UofL BASKETBALL | NCAA maintains position that Rick Pitino failed to monitor Andree McGee
03/23/2017 05:13 PM
The University of Louisville on Thursday released the NCAA reply to the institution’s own response to the Notice of Allegations that came down in October of last year.
The notice of allegations charged Louisville with four Level I violations, one of which was disputed by U of L: that head men’s basketball coach rick Pitino failed to monitor former staffer Andre McGee who provided and paid for adult entertainment and sex acts for visiting recruits and current players.
In the NCAA’s response, the enforcement staff stuck behind the claim that Pitino should have known about the salacious acts taking place between the Spring of 2010 and April 2014.
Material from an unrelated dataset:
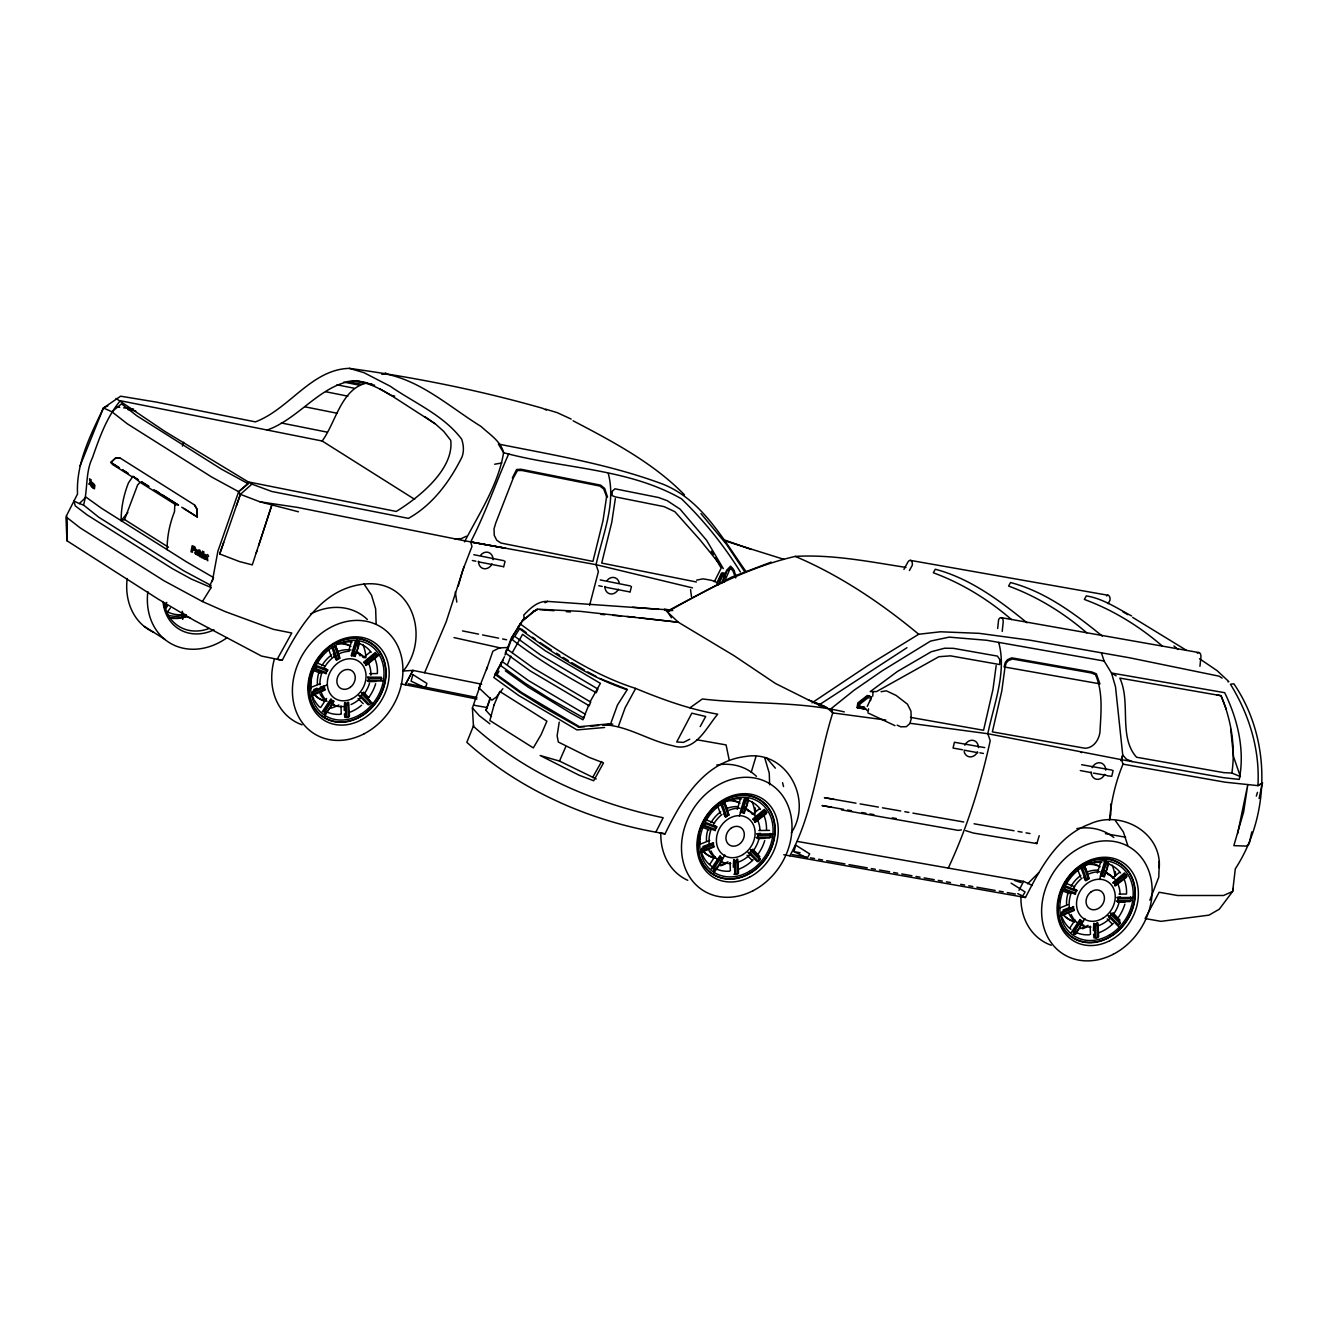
<?xml version="1.0" encoding="UTF-8"?>
<svg xmlns="http://www.w3.org/2000/svg" width="1329" height="1329" viewBox="0 0 1329 1329"><rect width="100%" height="100%" fill="white"/><g stroke="black" fill="none" stroke-linecap="round" stroke-linejoin="round"><path stroke-width="1.5" d="M1159.27 867.671C1161.712 832.02 1120.48 809.61 1089.68 824.046C1056.987 836.29 1040.507 868.418 1025.456 897.507L783.761 854.746M481.663 684.202L412.937 670.397L403.318 670.995C430.613 637.372 412.472 578.564 363.963 584.112C322.515 588.465 299.407 626.673 282.246 660.297L261.497 656.061L193.901 620.244L157.852 598.897L66.799 540.67L66.45 515.785L77.531 494.006C75.936 463.356 90.654 434.882 103.446 407.986L120.64 396.192L156.457 402.122L255.384 421.874C289.307 409.182 311.302 369.346 349.377 368.366C414.565 377.336 479.42 390.194 542.697 408.335L546.352 410.063M325.771 673.305L327.366 669.833L324.392 668.205M340.972 705.882L341.254 713.972M730.07 862.538L730.352 870.761M1090.179 926.13L1090.461 934.337M344.211 710.317L344.593 702.808L347.999 703.406L347.982 702.094L348.431 705.666M733.292 867.073L733.674 859.68L735.386 860.627L737.08 860.278L737.047 858.983L737.495 862.704M1093.418 930.649L1093.8 923.256L1095.511 924.22L1097.189 923.854L1097.173 922.559L1097.621 926.296M1159.303 861.209L1158.788 877.123L1149.834 900.182M349.444 716.215L348.663 702.426M714.819 830.16L716.464 826.704L713.623 825.143M738.525 873.087L737.745 859.298M1074.945 893.736L1076.59 890.297L1073.749 888.719M1098.634 936.679L1097.87 922.874M174.93 502.943L174.481 511.731A91.784 75.703 -57.8 0 0 167.105 549.641M872.771 696.114L872.987 691.994M870.561 700.616L870.877 696.778L867.339 695.482L857.82 702.941L857.072 707.56L866.159 709.387M1230.754 729.322L1233.528 756.666L1240.422 776.585L1231.867 773.046C1235.754 746.981 1231.252 719.869 1221.019 695.698L1216.949 694.984M997.664 628.517L998.611 619.613A5.067 2.708 -80 0 1 1001.833 617.885A5.067 2.708 -80 0 1 1003.162 622.487L1002.216 631.391M1199.937 666.294L1200.901 657.39A5.067 2.708 -80 0 0 1197.346 653.187M690.532 589.578L691.529 597.07M1233.03 888.453L1232.664 891.41L1219.274 909.219L1208.991 915.133L1160.965 921.346L1145.1 918.555L1159.137 892.257L1177.594 895.513L1223.511 895.497L1232.664 891.41L1235.305 868.834C1270.973 814.145 1270.939 738.06 1233.877 683.82L1230.421 684.219C1249.26 714.637 1260.025 749.656 1257.932 785.638L1225.222 782.2L1122.988 764.158L1121.61 759.706L1122.739 755.022L1115.513 686.827L1111.493 673.006L1104.117 661.011L1101.392 652.805M996.185 665.53L992.962 689.469L983.576 730.269L910.531 717.378M1005.006 667.092L1001.784 691.03L992.364 731.88L1085.012 748.244C1093.518 748.077 1099 739.854 1099.963 732.063C1100.894 713.025 1103.352 692.525 1095.445 674.617L1091.159 672.923L1012.548 659.034L1008.445 660.513L1006.236 662.922L1005.006 667.092L1099.017 683.687M199.35 554.343L199.516 556.137C196.908 555.921 197.838 546.219 195.679 550.92C200.014 550.223 190.811 552.798 196.891 554.243M367.186 680.598L368.714 680.215L367.684 676.959M380.742 680.448L382.004 678.288L368.964 678.388M756.267 837.486L757.779 837.087L758.045 835.26L756.766 833.815L760.371 833.349M769.807 837.32L770.82 837.104L770.355 833.433M1116.377 901.062L1117.905 900.68L1118.154 898.853L1116.892 897.407L1120.497 896.942M1129.932 900.896L1130.929 900.697L1130.481 897.009M615.344 498.541L611.755 522.413L601.705 563.081L696.413 581.986M559.227 722.129L557.117 735.768L558.33 742.031L589.079 757.347L603.516 762.896L593.681 780.754L579.029 775.172L540.122 755.503L559.509 761.068L596.239 778.96M857.836 707.925L858.584 703.307L868.086 695.848L870.877 696.778M864.365 707.393L859.514 706.53L859.896 704.137L868.169 697.642L869.332 698.024M868.568 708.839L868.119 711.513L863.8 706.895L859.514 706.53M89.94 482.261L89.608 484.254L88.578 483.906M92.465 483.424L91.568 482.477L91.236 486.447L92.532 483.856M93.346 487.826L92.166 486.397M93.479 488.192L94.442 488.873L94.891 485.268L92.316 483.191L93.91 484.105L92.88 486.464M196.16 554.243L197.572 555.057L198.785 550.837M201.36 553.047L200.014 551.934L199.931 556.785L200.862 553.645L202.274 553.927L202.49 552.814L200.629 553.063M358.132 645.163L358.896 641.508L357.435 649.449L354.394 656.127L355.89 652.356M356.969 639.083L351.637 655.911M1106.16 859.547L1099.465 879.549M1251.785 831.921L1249.194 843.732L1246.536 846.108L1233.844 845.626L1243.662 811.919L1247.798 784.575L1237.598 833.632M1259.095 798.447L1262.55 782.698L1257.932 785.638L1260.822 784.143M747.978 798.38L746.516 806.321L743.476 813.016M1108.104 861.973L1106.625 869.897L1103.602 876.608M714.005 870.744L719.039 864.847L722.478 857.703M1113.104 770.488L1111.758 776.319L1107.123 775.787M1074.131 934.337L1079.148 928.439L1082.603 921.296M359.627 643.236L355.076 656.526M748.709 800.108L744.157 813.398M1108.835 863.7L1104.283 876.99M503.625 567.068L505.053 561.253M630.012 592.302L631.458 586.488M333.247 653.868L336.254 659.915L339.26 658.519L336.038 648.203M348.53 651.21L351.238 642.422M737.279 809.378L740.353 799.194M1097.389 872.97L1100.462 862.787M793.994 851.656L795.689 845.111L809.677 853.916L807.301 857.969L793.994 851.656L800.091 852.736M324.924 713.872L329.957 707.975L333.429 700.832L331.569 704.27M1110.695 804.045L1110.778 814.444L1109.466 820.226C1111.16 801.022 1115.513 782.233 1122.988 764.158M1004.059 667.025L1005.339 662.307L1007.598 659.583L1011.784 657.855L1091.973 672.009L1096.342 673.836L1099.947 683.953M258.723 545.438L271.88 504.904L252.277 564.891L239.436 561.552L219.7 553.977L240.383 494.338L251.895 484.121L271.731 491.464L408.435 518.376C432.722 504.821 449.9 481.364 462.077 456.811C464.153 451.079 463.605 444.85 461.661 439.151C443.454 415.063 414.449 403.036 390.244 386.241L363.947 372.668L349.377 368.366M458.289 585.973L462.525 570.905L471.978 546.418L470.665 541.983C485.384 513.526 495.867 482.61 508.758 453.737M589.627 605.243L598.382 571.653L596.073 564.675C602.502 535.338 616.274 503.674 608.317 473.606M746.516 799.045L742.097 812.534L740.27 812.434L744.572 797.782L748.21 799.344M464.087 566.553L446.228 621.723L424.615 672.723M745.27 799.51L739.356 815.973M723.674 813.664L725.318 816.77L726.764 816.338L728.475 814.893L727.578 811.521M1083.783 877.24L1085.428 880.363L1086.873 879.914L1088.601 878.486L1087.687 875.113M505.003 655.014L511.266 638.086L520.951 622.819M507.595 649.815L512.413 636.824L524.191 618.135L523.776 615.078C530.155 608.4 537.597 600.957 547.548 601.389L544.973 602.751M618.434 726.265L625.095 707.875L635.661 688.439C662.158 699.386 689.352 709.337 717.71 714.171C706.214 727.711 695.05 753.227 672.69 745.685C649.117 740.851 628.285 726.033 604.114 724.754M751.217 772.332L755.985 756.434M965.668 830.642L973.326 833.034L1036.853 843.583L1039.212 835.692M1256.337 796.121L1257.467 792.333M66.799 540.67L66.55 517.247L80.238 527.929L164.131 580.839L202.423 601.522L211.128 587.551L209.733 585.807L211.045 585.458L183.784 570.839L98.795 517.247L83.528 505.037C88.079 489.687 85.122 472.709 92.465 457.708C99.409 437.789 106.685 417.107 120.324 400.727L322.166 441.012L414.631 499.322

In one excerpt of the NCAA’s reply to U of L, the document states: “Pitino did not conduct frequent spot checks to uncover potential or existing compliance problems as it relates to McGee’s interactions with prospects and student-athletes. Pitino failed to demonstrate that he actively looked for red flags, ask pointed questions or even occasionally solicited honest feedback from McGee about activities occurring under his supervision.”
The release claims “These are basic elements of a head coach’s obligation to monitor. If Pitino saw no red flags in connection with McGee’s interactions with then prospective and current student-athletes, it was because he was not looking for them.”
The enforcement staff states that Pitino delegated too much responsibility with regard to monitoring McGee to his assistant coaches. The reply states “Even if he believed it was possible or advisable to task assistant coaches with the ultimate responsibility for monitoring McGee, those assistant coaches appear to have been unaware of that expectation.”
Multiple former assistants are cited in the counterargument as having had limited communications with McGee when it came to ensuring recruit visits were compliant with NCAA guidelines. Only Mike Balado, an assistant from 2013 – 2017, is credited for asking Pitino if there were any issues with the dorms during the only year he was also on staff with McGee.
The NCAA also points to multiple interviews that were conducted with former recruits, saying the majority could not recall specific questions from Pitino or any assistant coaches concerning the particulars of their visits. The document also references two specific former recruits who do remember interactions with Pitino on campus and say he generally asked how they enjoyed their time or if they interacted well with the student-athletes.
The university responded in the email releasing the reply saying:
“We continue to regret that NCAA legislation was violated by a former UofL employee. His behavior was shameful and wrong. This behavior is the reason we self-imposed severe penalties on ourselves. In this latest correspondence, the NCAA Enforcement Staff’s Response reiterates its previous position and, in fact, makes clear that the allegation does not state that Coach Pitino should have detected or known about the violations. We have faith in the NCAA process and look forward to demonstrating at the hearing that Coach Pitino properly monitored his staff.”
So what is next?
This case will now go before the NCAA Committee on Infractions, but no hearing date has been set. The Committee on Infractions will review U of L and Rick Pitino’s responses, as well as the NCAA’s reply, and will then hold a hearing to determine if further sanctions will be given.